In the early 60s, Coleman stopped performing for two years, teaching himself the trumpet and violin. In contrast to his controlled approach to saxophone, his violin playing was highly intuitive, focussed on texture and rhythm. This intuitive approach informs his inspirational 1966 album The Empty Foxhole, where Coleman plays violin, trumpet and saxophone while his 10-year-son Denardo mans the drum kit.
The mid-1960s saw Coleman’s music come into closer alignment with the free jazz of Albert Ayler, Cecil Taylor and John Coltrane. With his new trio of David Izenson on bass and Charles Moffet on drums, Coleman toured Europe, resulting in the classic At The Golden Circle albums on Blue Note. Later in the decade, he worked with a number of different configurations, often drafting in tenor saxophonist Dewey Redman to beef up the sound. The 1969 live album Crisis is hugely potent, with Haden a volcanic presence on bass.

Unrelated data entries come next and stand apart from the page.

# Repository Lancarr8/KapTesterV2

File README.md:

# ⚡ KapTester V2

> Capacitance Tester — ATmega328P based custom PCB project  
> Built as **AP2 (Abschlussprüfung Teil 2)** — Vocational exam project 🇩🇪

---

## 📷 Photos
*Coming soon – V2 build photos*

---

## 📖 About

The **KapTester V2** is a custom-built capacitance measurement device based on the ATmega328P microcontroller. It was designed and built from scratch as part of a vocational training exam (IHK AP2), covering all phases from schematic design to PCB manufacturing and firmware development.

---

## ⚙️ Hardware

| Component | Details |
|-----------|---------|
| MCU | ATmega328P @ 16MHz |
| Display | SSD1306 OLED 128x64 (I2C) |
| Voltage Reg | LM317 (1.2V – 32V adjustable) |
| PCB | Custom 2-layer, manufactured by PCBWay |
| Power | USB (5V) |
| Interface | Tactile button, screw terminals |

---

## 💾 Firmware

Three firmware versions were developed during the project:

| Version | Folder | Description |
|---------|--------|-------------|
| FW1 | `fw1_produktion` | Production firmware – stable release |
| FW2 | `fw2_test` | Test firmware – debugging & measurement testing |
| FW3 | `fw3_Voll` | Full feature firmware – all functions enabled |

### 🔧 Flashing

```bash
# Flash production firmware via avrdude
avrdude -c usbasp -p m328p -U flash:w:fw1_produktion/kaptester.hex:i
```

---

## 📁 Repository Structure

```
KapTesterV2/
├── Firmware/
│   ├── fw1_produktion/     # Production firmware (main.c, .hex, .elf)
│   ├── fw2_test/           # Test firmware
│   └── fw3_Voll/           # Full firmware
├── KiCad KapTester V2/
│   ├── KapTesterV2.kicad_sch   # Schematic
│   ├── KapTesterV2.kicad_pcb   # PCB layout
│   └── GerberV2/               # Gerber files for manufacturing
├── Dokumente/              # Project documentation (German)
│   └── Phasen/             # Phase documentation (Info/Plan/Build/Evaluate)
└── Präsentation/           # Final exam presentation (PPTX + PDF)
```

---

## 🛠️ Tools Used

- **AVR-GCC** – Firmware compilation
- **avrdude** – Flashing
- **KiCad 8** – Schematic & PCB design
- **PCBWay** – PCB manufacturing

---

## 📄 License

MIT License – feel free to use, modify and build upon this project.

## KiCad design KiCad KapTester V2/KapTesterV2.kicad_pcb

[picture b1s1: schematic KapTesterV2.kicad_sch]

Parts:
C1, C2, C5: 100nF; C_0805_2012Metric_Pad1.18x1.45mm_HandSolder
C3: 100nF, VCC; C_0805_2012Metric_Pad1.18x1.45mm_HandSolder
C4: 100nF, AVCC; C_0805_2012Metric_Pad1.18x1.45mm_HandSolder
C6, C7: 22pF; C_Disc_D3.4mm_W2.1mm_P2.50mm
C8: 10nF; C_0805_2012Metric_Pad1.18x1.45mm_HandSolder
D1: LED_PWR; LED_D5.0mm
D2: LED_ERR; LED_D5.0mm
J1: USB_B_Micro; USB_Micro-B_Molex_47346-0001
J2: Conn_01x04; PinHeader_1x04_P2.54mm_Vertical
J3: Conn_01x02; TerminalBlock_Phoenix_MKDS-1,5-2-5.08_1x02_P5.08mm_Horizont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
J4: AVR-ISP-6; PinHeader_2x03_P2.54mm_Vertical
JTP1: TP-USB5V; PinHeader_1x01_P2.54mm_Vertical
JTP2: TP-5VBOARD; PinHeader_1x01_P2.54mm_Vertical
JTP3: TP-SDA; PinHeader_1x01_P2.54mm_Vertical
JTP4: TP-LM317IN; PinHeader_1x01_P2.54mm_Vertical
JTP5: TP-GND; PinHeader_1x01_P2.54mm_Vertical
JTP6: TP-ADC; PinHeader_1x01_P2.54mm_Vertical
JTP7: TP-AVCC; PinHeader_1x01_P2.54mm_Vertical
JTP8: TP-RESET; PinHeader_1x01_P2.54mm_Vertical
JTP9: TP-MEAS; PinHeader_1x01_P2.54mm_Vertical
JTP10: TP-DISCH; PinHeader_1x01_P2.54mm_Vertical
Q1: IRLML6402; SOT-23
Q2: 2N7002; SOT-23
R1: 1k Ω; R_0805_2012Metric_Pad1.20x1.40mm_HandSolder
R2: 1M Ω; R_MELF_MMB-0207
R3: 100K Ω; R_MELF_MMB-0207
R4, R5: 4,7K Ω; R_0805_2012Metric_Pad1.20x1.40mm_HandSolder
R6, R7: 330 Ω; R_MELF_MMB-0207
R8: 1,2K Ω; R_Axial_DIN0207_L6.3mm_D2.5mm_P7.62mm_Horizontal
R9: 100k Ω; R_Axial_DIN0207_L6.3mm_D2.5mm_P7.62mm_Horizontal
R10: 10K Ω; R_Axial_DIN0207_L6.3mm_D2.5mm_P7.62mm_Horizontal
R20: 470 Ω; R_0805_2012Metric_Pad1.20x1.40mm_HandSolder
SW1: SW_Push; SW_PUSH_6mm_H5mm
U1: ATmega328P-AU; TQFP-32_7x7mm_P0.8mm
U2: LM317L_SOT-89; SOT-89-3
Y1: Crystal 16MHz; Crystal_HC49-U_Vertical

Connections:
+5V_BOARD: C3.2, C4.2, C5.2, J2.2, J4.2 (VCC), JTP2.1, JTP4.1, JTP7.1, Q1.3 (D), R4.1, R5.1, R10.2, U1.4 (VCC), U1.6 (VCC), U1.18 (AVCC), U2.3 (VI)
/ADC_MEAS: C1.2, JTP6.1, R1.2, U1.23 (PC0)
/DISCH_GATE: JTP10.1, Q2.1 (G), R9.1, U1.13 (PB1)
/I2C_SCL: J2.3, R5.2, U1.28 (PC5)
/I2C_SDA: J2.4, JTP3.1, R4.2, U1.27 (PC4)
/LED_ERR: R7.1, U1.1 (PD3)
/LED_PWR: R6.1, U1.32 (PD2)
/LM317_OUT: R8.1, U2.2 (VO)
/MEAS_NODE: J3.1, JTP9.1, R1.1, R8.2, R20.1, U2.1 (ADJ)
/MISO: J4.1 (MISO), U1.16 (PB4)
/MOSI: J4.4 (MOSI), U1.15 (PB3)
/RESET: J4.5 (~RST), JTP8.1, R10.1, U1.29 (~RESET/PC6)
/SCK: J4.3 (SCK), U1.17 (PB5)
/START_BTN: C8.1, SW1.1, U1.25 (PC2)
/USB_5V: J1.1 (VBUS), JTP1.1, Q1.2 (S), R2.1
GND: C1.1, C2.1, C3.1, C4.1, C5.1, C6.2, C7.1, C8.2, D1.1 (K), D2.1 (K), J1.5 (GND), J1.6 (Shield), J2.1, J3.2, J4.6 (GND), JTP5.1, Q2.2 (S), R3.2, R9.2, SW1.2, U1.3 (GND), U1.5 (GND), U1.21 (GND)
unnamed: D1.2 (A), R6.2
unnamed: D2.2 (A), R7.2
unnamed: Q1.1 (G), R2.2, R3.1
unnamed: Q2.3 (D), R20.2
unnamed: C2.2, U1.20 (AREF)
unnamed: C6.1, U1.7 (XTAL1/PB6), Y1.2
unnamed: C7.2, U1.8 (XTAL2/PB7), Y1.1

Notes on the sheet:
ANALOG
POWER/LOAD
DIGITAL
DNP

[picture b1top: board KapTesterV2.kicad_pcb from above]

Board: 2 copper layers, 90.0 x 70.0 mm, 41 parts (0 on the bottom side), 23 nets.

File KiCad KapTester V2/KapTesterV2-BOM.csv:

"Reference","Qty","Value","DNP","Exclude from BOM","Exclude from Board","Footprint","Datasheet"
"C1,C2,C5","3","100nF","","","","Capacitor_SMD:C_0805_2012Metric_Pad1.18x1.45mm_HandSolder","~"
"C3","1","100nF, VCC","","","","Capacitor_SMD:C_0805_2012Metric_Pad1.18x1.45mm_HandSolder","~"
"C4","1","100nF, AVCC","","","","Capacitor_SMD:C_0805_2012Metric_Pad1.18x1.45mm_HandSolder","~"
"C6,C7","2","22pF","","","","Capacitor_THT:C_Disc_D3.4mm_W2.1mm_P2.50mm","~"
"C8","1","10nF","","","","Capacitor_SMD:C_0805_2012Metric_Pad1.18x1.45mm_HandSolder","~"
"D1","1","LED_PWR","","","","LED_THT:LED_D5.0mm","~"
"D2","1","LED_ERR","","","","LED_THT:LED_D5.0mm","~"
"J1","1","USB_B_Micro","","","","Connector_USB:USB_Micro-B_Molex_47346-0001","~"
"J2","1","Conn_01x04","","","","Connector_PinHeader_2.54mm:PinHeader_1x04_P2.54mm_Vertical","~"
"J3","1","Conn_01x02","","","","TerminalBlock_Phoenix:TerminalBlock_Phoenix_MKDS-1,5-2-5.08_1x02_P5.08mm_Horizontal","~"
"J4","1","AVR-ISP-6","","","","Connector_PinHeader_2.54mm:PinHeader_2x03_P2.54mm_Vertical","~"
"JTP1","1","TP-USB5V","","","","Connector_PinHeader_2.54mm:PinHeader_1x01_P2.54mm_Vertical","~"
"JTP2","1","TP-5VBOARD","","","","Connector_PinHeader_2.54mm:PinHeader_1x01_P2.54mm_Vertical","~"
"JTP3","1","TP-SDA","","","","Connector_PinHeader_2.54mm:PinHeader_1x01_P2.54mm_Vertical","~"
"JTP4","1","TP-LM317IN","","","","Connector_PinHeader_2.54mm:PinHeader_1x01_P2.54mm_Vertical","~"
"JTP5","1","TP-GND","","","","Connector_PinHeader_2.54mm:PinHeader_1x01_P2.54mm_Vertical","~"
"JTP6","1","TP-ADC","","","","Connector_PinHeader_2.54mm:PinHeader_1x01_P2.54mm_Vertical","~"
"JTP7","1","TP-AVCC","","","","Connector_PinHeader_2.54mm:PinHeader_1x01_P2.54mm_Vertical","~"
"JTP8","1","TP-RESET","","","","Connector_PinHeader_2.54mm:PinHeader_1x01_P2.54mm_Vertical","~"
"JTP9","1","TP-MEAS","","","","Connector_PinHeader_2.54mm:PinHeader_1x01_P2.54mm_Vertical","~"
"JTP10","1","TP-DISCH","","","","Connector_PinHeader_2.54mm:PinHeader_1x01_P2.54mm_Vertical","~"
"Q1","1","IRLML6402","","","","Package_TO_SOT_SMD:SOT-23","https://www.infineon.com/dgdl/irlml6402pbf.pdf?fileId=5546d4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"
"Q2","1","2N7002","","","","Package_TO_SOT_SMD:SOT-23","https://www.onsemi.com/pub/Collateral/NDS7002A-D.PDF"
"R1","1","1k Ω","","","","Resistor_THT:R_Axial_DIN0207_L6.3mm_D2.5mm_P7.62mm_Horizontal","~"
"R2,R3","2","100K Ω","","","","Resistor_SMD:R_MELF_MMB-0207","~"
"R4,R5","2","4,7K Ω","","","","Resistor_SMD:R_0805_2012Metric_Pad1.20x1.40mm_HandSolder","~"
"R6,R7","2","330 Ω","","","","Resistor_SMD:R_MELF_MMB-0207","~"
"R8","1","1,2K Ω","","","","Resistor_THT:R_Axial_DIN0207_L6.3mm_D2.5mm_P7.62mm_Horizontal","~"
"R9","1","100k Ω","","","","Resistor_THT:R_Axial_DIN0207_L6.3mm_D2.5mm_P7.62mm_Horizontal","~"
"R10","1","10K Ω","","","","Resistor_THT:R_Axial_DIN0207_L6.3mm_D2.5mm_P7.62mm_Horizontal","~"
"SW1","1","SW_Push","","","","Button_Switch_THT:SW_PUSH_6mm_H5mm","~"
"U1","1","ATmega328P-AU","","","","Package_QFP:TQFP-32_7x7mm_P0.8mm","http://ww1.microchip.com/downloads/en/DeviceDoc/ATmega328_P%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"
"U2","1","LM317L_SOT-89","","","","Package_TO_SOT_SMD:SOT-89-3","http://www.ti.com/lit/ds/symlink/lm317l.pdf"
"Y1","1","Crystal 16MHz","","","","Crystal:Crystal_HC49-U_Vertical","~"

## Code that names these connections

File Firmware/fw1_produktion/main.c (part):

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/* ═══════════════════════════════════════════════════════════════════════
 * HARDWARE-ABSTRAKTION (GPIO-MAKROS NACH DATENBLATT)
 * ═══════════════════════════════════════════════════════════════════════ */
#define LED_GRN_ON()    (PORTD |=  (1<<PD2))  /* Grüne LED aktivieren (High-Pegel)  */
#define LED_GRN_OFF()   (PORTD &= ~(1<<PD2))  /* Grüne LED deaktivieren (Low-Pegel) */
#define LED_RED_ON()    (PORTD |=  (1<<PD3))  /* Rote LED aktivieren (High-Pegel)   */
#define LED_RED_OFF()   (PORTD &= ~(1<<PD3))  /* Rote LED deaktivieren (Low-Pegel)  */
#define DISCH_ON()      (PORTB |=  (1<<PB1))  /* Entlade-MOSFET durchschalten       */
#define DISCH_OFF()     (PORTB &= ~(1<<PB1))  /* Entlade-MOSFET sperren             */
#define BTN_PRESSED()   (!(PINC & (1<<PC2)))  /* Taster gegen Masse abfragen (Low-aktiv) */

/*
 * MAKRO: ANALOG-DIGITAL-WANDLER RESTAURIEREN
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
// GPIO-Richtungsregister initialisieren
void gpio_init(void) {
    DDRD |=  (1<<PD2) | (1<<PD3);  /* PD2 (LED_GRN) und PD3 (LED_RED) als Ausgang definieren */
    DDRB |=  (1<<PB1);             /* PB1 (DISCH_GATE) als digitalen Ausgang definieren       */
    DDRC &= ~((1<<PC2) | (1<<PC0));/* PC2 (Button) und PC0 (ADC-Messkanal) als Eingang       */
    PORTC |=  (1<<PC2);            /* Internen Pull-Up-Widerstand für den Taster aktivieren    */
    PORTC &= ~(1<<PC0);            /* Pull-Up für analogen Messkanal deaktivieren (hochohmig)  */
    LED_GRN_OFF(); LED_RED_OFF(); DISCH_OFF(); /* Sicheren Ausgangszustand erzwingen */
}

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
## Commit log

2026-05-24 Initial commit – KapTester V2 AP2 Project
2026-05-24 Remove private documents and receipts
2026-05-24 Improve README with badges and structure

The 1970s brought further innovations and stylistic shifts. 1972′s Skies Of America was a remarkable symphonic work, while 1971′s Science Fiction introduced elements of Indian classical music, poetry and electronic treatments. Coleman’s interest in non-western music led him to visit Morocco and the Master Musicians of Jajouka, a meeting documented on 1976′s Dancing In Your Head. His electric group Prime Time might be thought of as a response to jazz fusion, but their knotty arrangements and lopsided funk rhythms are very different to the groove-based jams of electric Miles or Headhunters. If anything, the angular dance rhythms of of 1976′s Dancing In Your Head anticipate The Slits’ post-punk.
Coleman continued to make great music throughout the 80s and 90s: Virgin Beauty with Prime Time and Jerry Garcia, Song X with Pat Metheny, the Naked Lunch soundtrack with Howard Shore. 2007′s Pultizer winning Sound Grammar is a fine example of Coleman’s late style, his saxophone tracing a path through the febrile harmolodic interplay of bassists Gregory Cohen and Tony Falanga.
I was lucky enough to catch Coleman’s Meltdown festival at the South Bank in 2009. Resplendent in one of his self-designed print suits, the great man communed with the Master Musicians of Jajouka and jammed with a surprisingly effective Flea, before joining Charlie Haden for a sublime duet of ‘Lonely Woman’. Goodbye Ornette: his beauty was a rare thing.